Getting Married in 2021? Why You Need to Talk as a Couple About Credit Card Debt
If you're planning to walk down the aisle this year, you need to disclose your credit card debt and discuss financial goals with your partner.
Perhaps you're one of the many couples who had their wedding postponed due to COVID-19. If so, and you're finally getting the chance to walk down the aisle in 2021, there's a lot to be excited about.
But before you begin to plan your new married life together, make sure to address any financial concerns you have. That means discussing any debt before you say, "I do."
Keep reading to learn more about why you need to talk as a couple about credit card debt.
What's mine is yours and what's yours is mine
Once you walk down the aisle and say, "I do," get ready to start sharing your financial lives in addition to your towels. In states with community property laws, both partners equally share the responsibility for repaying debts incurred during the marriage, no matter whose name appears on the debt.
Keep in mind, though, that a divorce decree does not replace your legal obligation to repay debts that are in your name.
Sounds like a conundrum doesn't it? It can be. Because even if the judge says your spouse is responsible to pay off half of a credit card balance that's in your name alone, the credit card issuer will hold you 100% responsible for it -- and can take you to court if you default. And if your partner fails to pay, it'll be up to you to seek a legal judgment and try to collect.
The following are community property states:
- New Mexico
- Alaska also allows its residents to opt into a community property system
Even if you don't live in a community property state, you're not necessarily liberated from all of your partner's debts incurred during the marriage.

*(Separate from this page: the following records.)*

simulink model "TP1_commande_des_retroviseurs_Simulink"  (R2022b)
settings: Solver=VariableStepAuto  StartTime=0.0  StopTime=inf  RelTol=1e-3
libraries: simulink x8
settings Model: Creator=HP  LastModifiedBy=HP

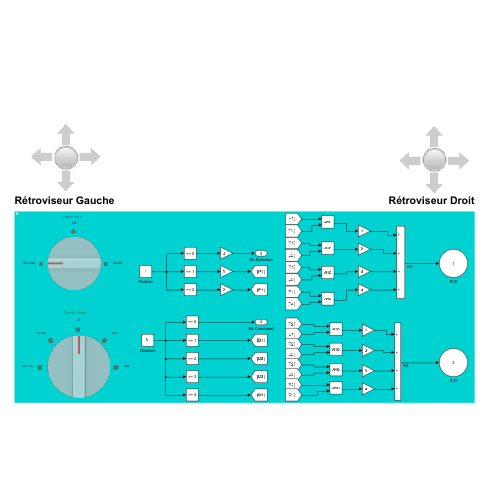
[thumbnail: Simulink's stored preview of the top-level diagram]
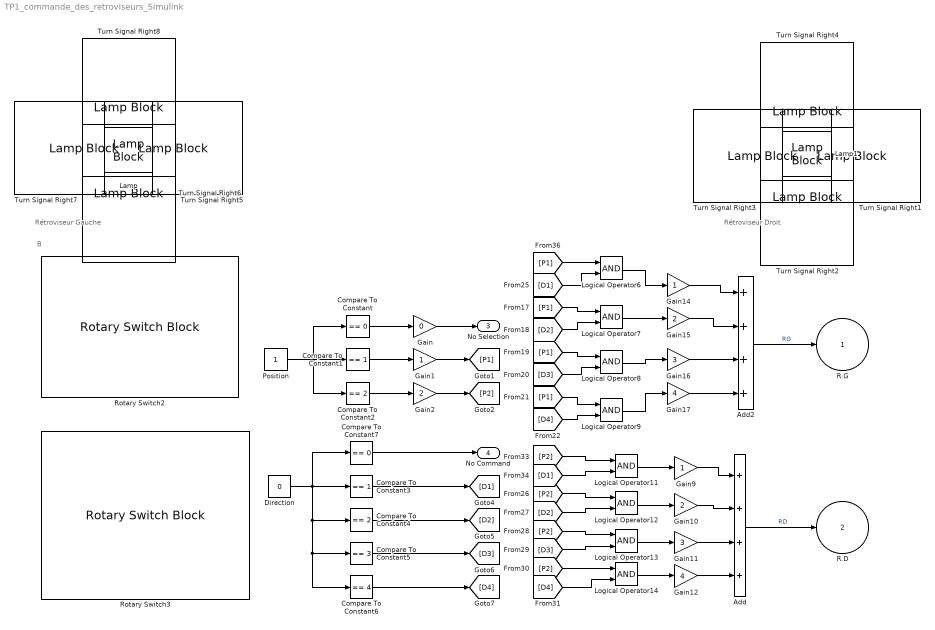
== system TP1_commande_des_retroviseurs_Simulink ==
  note: B
  note: Rétroviseur Droit
  note: Rétroviseur Gauche
  Add : Sum  Inputs=++++
  Add2 : Sum  Inputs=++++
  Compare To Constant : simulink/Logic and Bit Operations/Compare To Constant  relop===  const=0  OutDataTypeStr=boolean
  Compare To Constant1 : simulink/Logic and Bit Operations/Compare To Constant  relop===  const=1  OutDataTypeStr=boolean
  Compare To Constant2 : simulink/Logic and Bit Operations/Compare To Constant  relop===  const=2  OutDataTypeStr=boolean
  Compare To Constant3 : simulink/Logic and Bit Operations/Compare To Constant  relop===  const=1  OutDataTypeStr=boolean
  Compare To Constant4 : simulink/Logic and Bit Operations/Compare To Constant  relop===  const=2  OutDataTypeStr=boolean
  Compare To Constant5 : simulink/Logic and Bit Operations/Compare To Constant  relop===  const=3  OutDataTypeStr=boolean
  Compare To Constant6 : simulink/Logic and Bit Operations/Compare To Constant  relop===  const=4  OutDataTypeStr=boolean
  Compare To Constant7 : simulink/Logic and Bit Operations/Compare To Constant  relop===  const=0  OutDataTypeStr=boolean
  Direction : Constant  Value=0
  Gain : Gain  Gain=0
  Gain1 : Gain
  Gain10 : Gain  Gain=2
  Gain11 : Gain  Gain=3
  Gain12 : Gain  Gain=4
  Gain14 : Gain
  Gain15 : Gain  Gain=2
  Gain16 : Gain  Gain=3
  Gain17 : Gain  Gain=4
  Gain2 : Gain  Gain=2
  Gain9 : Gain
  Lamp : LampBlock  LabelPosition=Hide
  Lamp1 : LampBlock  LabelPosition=Hide
  Logical Operator{6..9,11..14} (8 alike) : Logic  AllPortsSameDT=off  OutDataTypeStr=boolean
  Position : Constant
  Rotary Switch2 : RotarySwitchBlock
      settings: Values={{'Gauche', 'Off', 'Droite'}, [1 0 2]}
  Rotary Switch3 : RotarySwitchBlock
      settings: Values={{'Gauche', 'Droite', 'Off', 'Haut', 'Bas'}, [1 2 0 3 4]}
  Turn Signal Right{1..8} (8 alike) : LampBlock  LabelPosition=Hide  Icon=TurnSignalRight
  R.G : Outport
  R.D : Outport  Port=2
  No Selection : Outport  Port=3
  No Command : Outport  Port=4
  wires:
  Position/1 -> Compare To Constant/1, Compare To Constant2/1, Compare To Constant1/1
  Compare To Constant2/1 -> Gain2/1
  Compare To Constant/1 -> Gain/1
  Compare To Constant1/1 -> Gain1/1
  Direction/1 -> Compare To Constant5/1, Compare To Constant6/1, Compare To Constant4/1, Compare To Constant7/1, Compare To Constant3/1
  Gain/1 -> No Selection/1
  Gain1/1 -> [P1]
  Gain2/1 -> [P2]
  Compare To Constant5/1 -> [D3]
  Compare To Constant6/1 -> [D4]
  Compare To Constant4/1 -> [D2]
  Compare To Constant3/1 -> [D1]
  Compare To Constant7/1 -> No Command/1
  [D4] -> Logical Operator14/2
  [P2] -> Logical Operator14/1
  [D3] -> Logical Operator13/2
  [P2] -> Logical Operator13/1
  [D2] -> Logical Operator12/2
  [P2] -> Logical Operator12/1
  [D1] -> Logical Operator11/2
  [P2] -> Logical Operator11/1
  Logical Operator11/1 -> Gain9/1
  Logical Operator12/1 -> Gain10/1
  Logical Operator13/1 -> Gain11/1
  Logical Operator14/1 -> Gain12/1
  Logical Operator9/1 -> Gain17/1
  Logical Operator8/1 -> Gain16/1
  Logical Operator7/1 -> Gain15/1
  Logical Operator6/1 -> Gain14/1
  [P1] -> Logical Operator6/1
  [D1] -> Logical Operator6/2
  [P1] -> Logical Operator7/1
  [D2] -> Logical Operator7/2
  [P1] -> Logical Operator8/1
  [D3] -> Logical Operator8/2
  [P1] -> Logical Operator9/1
  [D4] -> Logical Operator9/2
  Gain9/1 -> Add/1
  Gain10/1 -> Add/2
  Gain11/1 -> Add/3
  Gain12/1 -> Add/4
  Gain14/1 -> Add2/1
  Gain15/1 -> Add2/2
  Gain16/1 -> Add2/3
  Gain17/1 -> Add2/4
  Add2/1 -> R.G/1  "RG"
  Add/1 -> R.D/1  "RD"

If the money was used for the benefit of the household, you might be responsible to help repay it. For example, if you shared one car that was in your partner's name, you might be ordered to help repay the car loan. That's one way you could get stuck with your partner's debt.
This is why discussing any debt -- including credit card debt -- before marriage is a must. Debt will only slow you down from reaching your financial goals as a couple.
Plus, it's good to go into the marriage knowing ahead of time if one of you is a saver and the other a spender, or if one of you has trouble managing money. If you both know what you're getting into before you tie the knot, you can work together to improve financial habits and reach the goals that are important to you.
You can work together to develop a debt payoff plan
Being open and honest about your credit card debt before marriage will help you both to work together and figure out how to pay off debt. You'll be able to work out your joint goals as you begin your new partnership together. Plus, you can set ground rules for how you spend and manage money going forward.
Credit card debt can delay your goals
If you don't discuss your credit card debt and personal finances before marriage, you may find it's harder to reach your life goals. Debt, poor credit histories, and low credit scores can significantly impact all areas of your life. Not only will it be hard to apply for new rewards credit cards with great perks, you may struggle to buy a home or even to start a family if you have a lot of debt.
Hidden financial surprises are not fair or fun
There's nothing fun about hidden financial surprises, and it's not fair to keep this from someone you love. You may feel uncomfortable about bringing up credit card debt or other debt that you have, but it's essential to do so early in your relationship.
It feels bad enough when you owe lots of money. And there's plenty of research pointing to the psychological cost of debt. But things could become a lot worse if your partner finds out about your financial troubles after your wedding day. That dishonesty could add even more tension to you and any debt problems.
The bottom line
Planning a wedding is an exciting time, but it's important to consider the future responsibilities you both will have as married partners. Being honest about your credit card debt and future financial goals before you walk down the aisle is the best bet.